### Work required
A single number is expected: the count of lines in the records below that contain "color".
[[ Source records open ]]
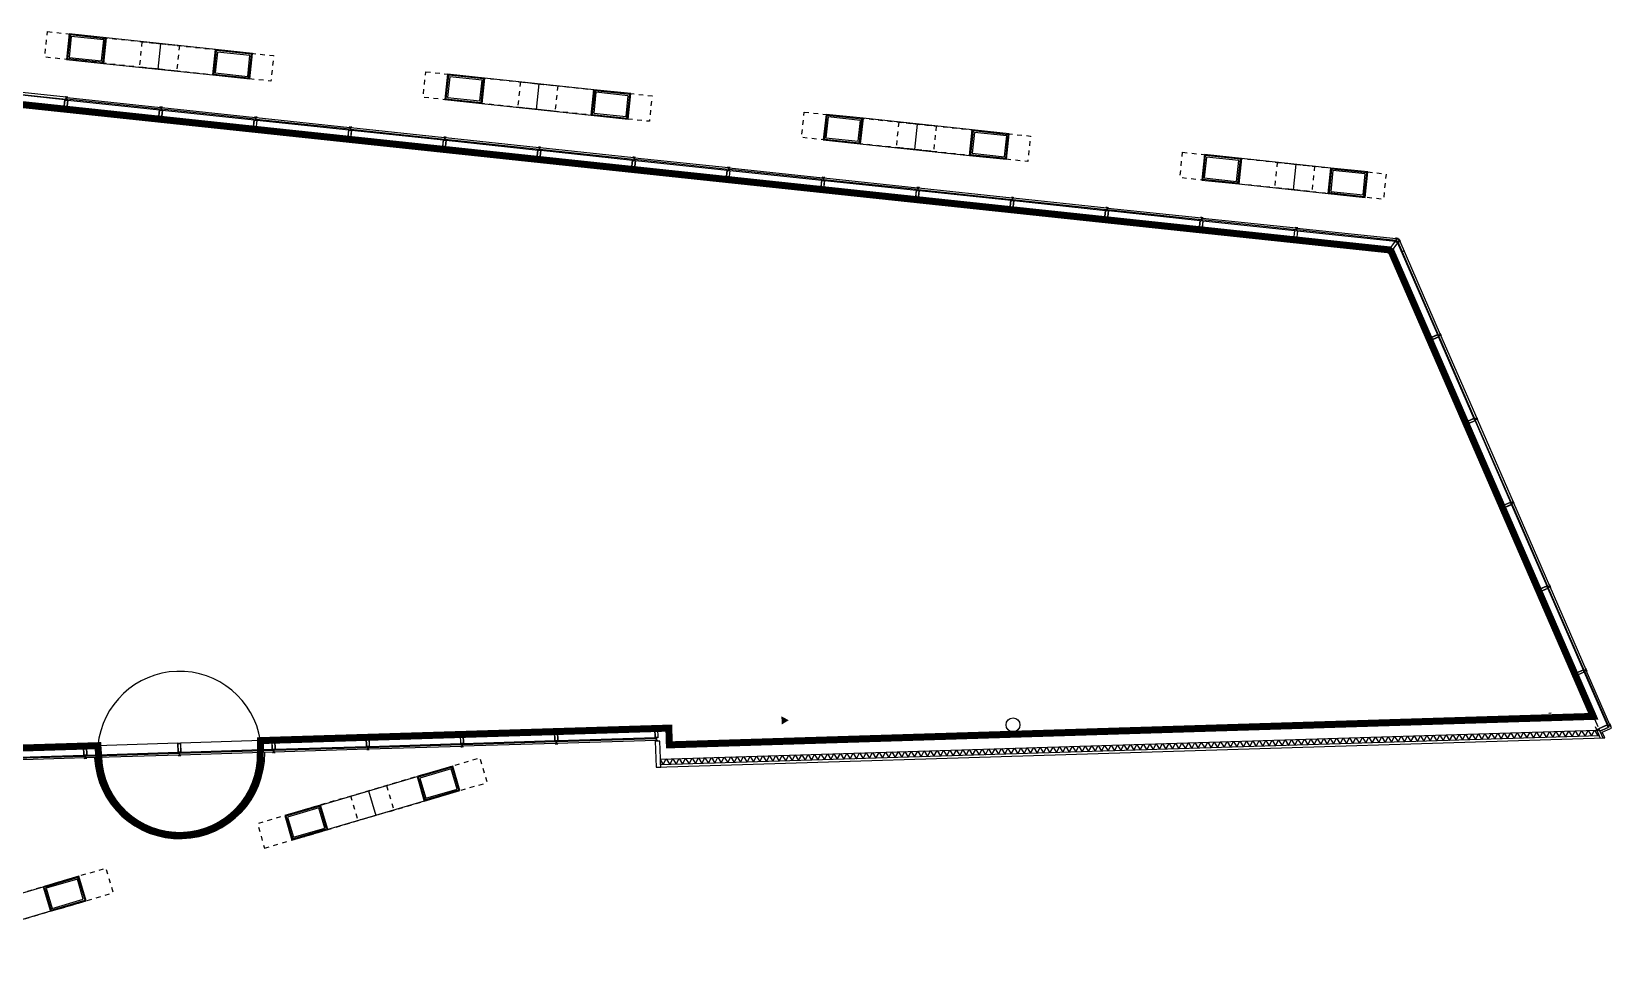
# Model space of a CAD drawing. Header units: metres. Extents: x 603172.4 to 603269.3, y 133210.7 to 133267.1.
# Drawn here: x 603232.15 to 603266.09, y 133245.76 to 133265.66 of the extents above; entities that cross this region are included whole.
import ezdxf

# ---------------------------------------------------------------- set-up
doc = ezdxf.new("R2010")
doc.units = ezdxf.units.M
for name, pattern in [('AXES', [2, 1.25, -0.25, 0.25, -0.25]), ('DGN Style 1', [0.0601, 0.0001, -0.06]), ('DGN Style 2', [0.1, 0.06, -0.04]), ('DGN Style 4', [0.1601, 0.08, -0.04, 0.0001, -0.04])]:
    doc.linetypes.add(name, pattern=pattern)
doc.layers.add('GEX_BAT_Archi', color=251, linetype='Continuous')
doc.layers.add('GEX_EDS_sdp_1-bureau', color=1, linetype='AXES', true_color=0xff0000)

# ---------------------------------------------------------------- blocks, each defined once
blk = doc.blocks.new('CBP_SHG_FAC_mur rideau_S')
at = {"layer": 'GEX_BAT_Archi', "ltscale": 120}
for p, q in [((-0.03, 0), (-1.995, 0)), ((-0.03, -0.2), (-1.995, -0.2))]:
    blk.add_line(p, q, dxfattribs=at)
at = {"layer": 'GEX_BAT_Archi', "linetype": 'Continuous'}
blk.add_line((0.005, -0.262), (-0.005, -0.262), dxfattribs=at)
at = {"layer": 'GEX_BAT_Archi', "linetype": 'DGN Style 4'}
blk.add_line((0, -0.258), (0, -0.2), dxfattribs=at)
at = {"layer": 'GEX_BAT_Archi', "ltscale": 120, "flags": 128}
for points in [[(0.03, 0), (0.03, -0.2), (-0.03, -0.2), (-0.03, 0), (0.03, 0)], [(0.025, -0.005), (0.025, -0.195), (-0.025, -0.195), (-0.025, -0.005), (0.025, -0.005)]]:
    blk.add_lwpolyline(points, close=True, dxfattribs=at)
at = {"layer": 'GEX_BAT_Archi', "linetype": 'Continuous', "flags": 128}
blk.add_lwpolyline([(-2.015, -0.215), (-0.01, -0.215), (-0.01, -0.255), (-2.015, -0.255), (-2.015, -0.215)], close=True, dxfattribs=at)
at = {"layer": 'GEX_BAT_Archi', "flags": 128}
blk.add_lwpolyline([(-0.005, -0.26), (-0.005, -0.258), (0.005, -0.258), (0.005, -0.26), (0.005, -0.262), (0.008, -0.262), (0.028, -0.262), (0.028, -0.26), (0.008, -0.26), (0.008, -0.258), (0.008, -0.256), (-0.008, -0.256), (-0.008, -0.258), (-0.008, -0.26), (-0.028, -0.26), (-0.028, -0.262), (-0.008, -0.262), (-0.005, -0.262), (-0.005, -0.26)], close=True, dxfattribs=at)
blk = doc.blocks.new('CBP_SHG_FAC_mur rideau_S_1')
at = {"layer": 'GEX_BAT_Archi', "ltscale": 120}
for p, q in [((0.07, 0), (-2.025, 0)), ((0.07, -0.2), (-2.025, -0.2))]:
    blk.add_line(p, q, dxfattribs=at)
at = {"layer": 'GEX_BAT_Archi', "linetype": 'Continuous'}
blk.add_line((0.106, -0.262), (0.095, -0.262), dxfattribs=at)
at = {"layer": 'GEX_BAT_Archi', "linetype": 'DGN Style 4'}
blk.add_line((0.1, -0.258), (0.1, -0.2), dxfattribs=at)
at = {"layer": 'GEX_BAT_Archi', "linetype": 'Continuous', "flags": 128}
blk.add_lwpolyline([(-2.045, -0.215), (0.09, -0.215), (0.09, -0.255), (-2.045, -0.255), (-2.045, -0.215)], close=True, dxfattribs=at)
at = {"layer": 'GEX_BAT_Archi', "ltscale": 120, "flags": 128}
for points in [[(0.13, 0), (0.13, -0.2), (0.07, -0.2), (0.07, 0), (0.13, 0)], [(0.125, -0.005), (0.125, -0.195), (0.075, -0.195), (0.075, -0.005), (0.125, -0.005)]]:
    blk.add_lwpolyline(points, close=True, dxfattribs=at)
at = {"layer": 'GEX_BAT_Archi', "flags": 128}
blk.add_lwpolyline([(0.095, -0.26), (0.095, -0.258), (0.106, -0.258), (0.106, -0.26), (0.106, -0.262), (0.108, -0.262), (0.128, -0.262), (0.128, -0.26), (0.108, -0.26), (0.108, -0.258), (0.108, -0.256), (0.092, -0.256), (0.092, -0.258), (0.092, -0.26), (0.072, -0.26), (0.072, -0.262), (0.092, -0.262), (0.095, -0.262), (0.095, -0.26)], close=True, dxfattribs=at)
blk = doc.blocks.new('CBP_SHG_FAC_mur rideau_E')
at = {"layer": 'GEX_BAT_Archi', "linetype": 'Continuous'}
for p, q in [((-0.005, 0.262), (0.006, 0.262)), ((1.952, 0.255), (1.952, 0.215))]:
    blk.add_line(p, q, dxfattribs=at)
at = {"layer": 'GEX_BAT_Archi', "linetype": 'DGN Style 4'}
blk.add_line((0, 0.258), (0, 0.2), dxfattribs=at)
at = {"layer": 'GEX_BAT_Archi', "ltscale": 120}
for p, q in [((0.03, 0.2), (1.932, 0.2)), ((0.03, 0), (1.932, 0))]:
    blk.add_line(p, q, dxfattribs=at)
at = {"layer": 'GEX_BAT_Archi', "ltscale": 120, "flags": 128}
for points in [[(-0.03, 0), (-0.03, 0.2), (0.03, 0.2), (0.03, 0), (-0.03, 0)], [(-0.025, 0.005), (-0.025, 0.195), (0.025, 0.195), (0.025, 0.005), (-0.025, 0.005)]]:
    blk.add_lwpolyline(points, close=True, dxfattribs=at)
at = {"layer": 'GEX_BAT_Archi', "flags": 128}
blk.add_lwpolyline([(0.006, 0.26), (0.006, 0.258), (-0.005, 0.258), (-0.005, 0.26), (-0.005, 0.262), (-0.008, 0.262), (-0.028, 0.262), (-0.028, 0.26), (-0.008, 0.26), (-0.008, 0.258), (-0.008, 0.256), (0.008, 0.256), (0.008, 0.258), (0.008, 0.26), (0.028, 0.26), (0.028, 0.262), (0.008, 0.262), (0.006, 0.262), (0.006, 0.26)], close=True, dxfattribs=at)
at = {"layer": 'GEX_BAT_Archi', "linetype": 'Continuous', "flags": 128}
blk.add_lwpolyline([(1.952, 0.215), (0.01, 0.215), (0.01, 0.255), (1.952, 0.255), (1.952, 0.215)], close=True, dxfattribs=at)
blk = doc.blocks.new('CBP_SHG_FAC_mur rideau_ang')
at = {"layer": 'GEX_BAT_Archi', "linetype": 'Continuous'}
for p, q in [((0.854, 2.037), (0.859, 2.046)), ((0.92, 2.082), (0.931, 2.082)), ((3.119, 2.074), (3.119, 2.034)), ((-0.216, 0.151), (-0.211, 0.16))]:
    blk.add_line(p, q, dxfattribs=at)
at = {"layer": 'GEX_BAT_Archi', "linetype": 'DGN Style 4'}
for p, q in [((0.86, 2.04), (0.911, 2.011)), ((0.926, 2.078), (0.926, 2.019)), ((1.167, 2.078), (1.167, 2.019)), ((-0.21, 0.154), (-0.159, 0.125))]:
    blk.add_line(p, q, dxfattribs=at)
at = {"layer": 'GEX_BAT_Archi', "ltscale": 120}
for p, q in [((-0.144, 0.151), (0.898, 1.989)), ((0.03, 0.052), (1.016, 1.789)), ((0.95, 2.019), (3.099, 2.019)), ((1.068, 1.819), (3.099, 1.819))]:
    blk.add_line(p, q, dxfattribs=at)
at = {"layer": 'GEX_BAT_Archi'}
blk.add_line((0.898, 1.989), (0.95, 2.019), dxfattribs=at)
at = {"layer": 'GEX_BAT_Archi', "flags": 128}
for points in [[(0.861, 2.045), (0.862, 2.044), (0.857, 2.035), (0.856, 2.036), (0.854, 2.037), (0.852, 2.035), (0.842, 2.017), (0.845, 2.016), (0.855, 2.033), (0.856, 2.033), (0.858, 2.031), (0.866, 2.045), (0.864, 2.047), (0.862, 2.047), (0.872, 2.065), (0.87, 2.066), (0.86, 2.048), (0.859, 2.046), (0.861, 2.045)], [(0.884, 2.074), (0.914, 2.074), (0.914, 2.069), (0.886, 2.069), (0.873, 2.046), (0.869, 2.048), (0.884, 2.074)], [(0.931, 2.079), (0.931, 2.078), (0.92, 2.078), (0.92, 2.079), (0.92, 2.082), (0.918, 2.082), (0.898, 2.082), (0.898, 2.079), (0.918, 2.079), (0.918, 2.078), (0.918, 2.075), (0.934, 2.075), (0.934, 2.078), (0.934, 2.079), (0.954, 2.079), (0.954, 2.082), (0.934, 2.082), (0.931, 2.082), (0.931, 2.079)], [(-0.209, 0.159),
[[ Source records closed ]]
### Response to this task
2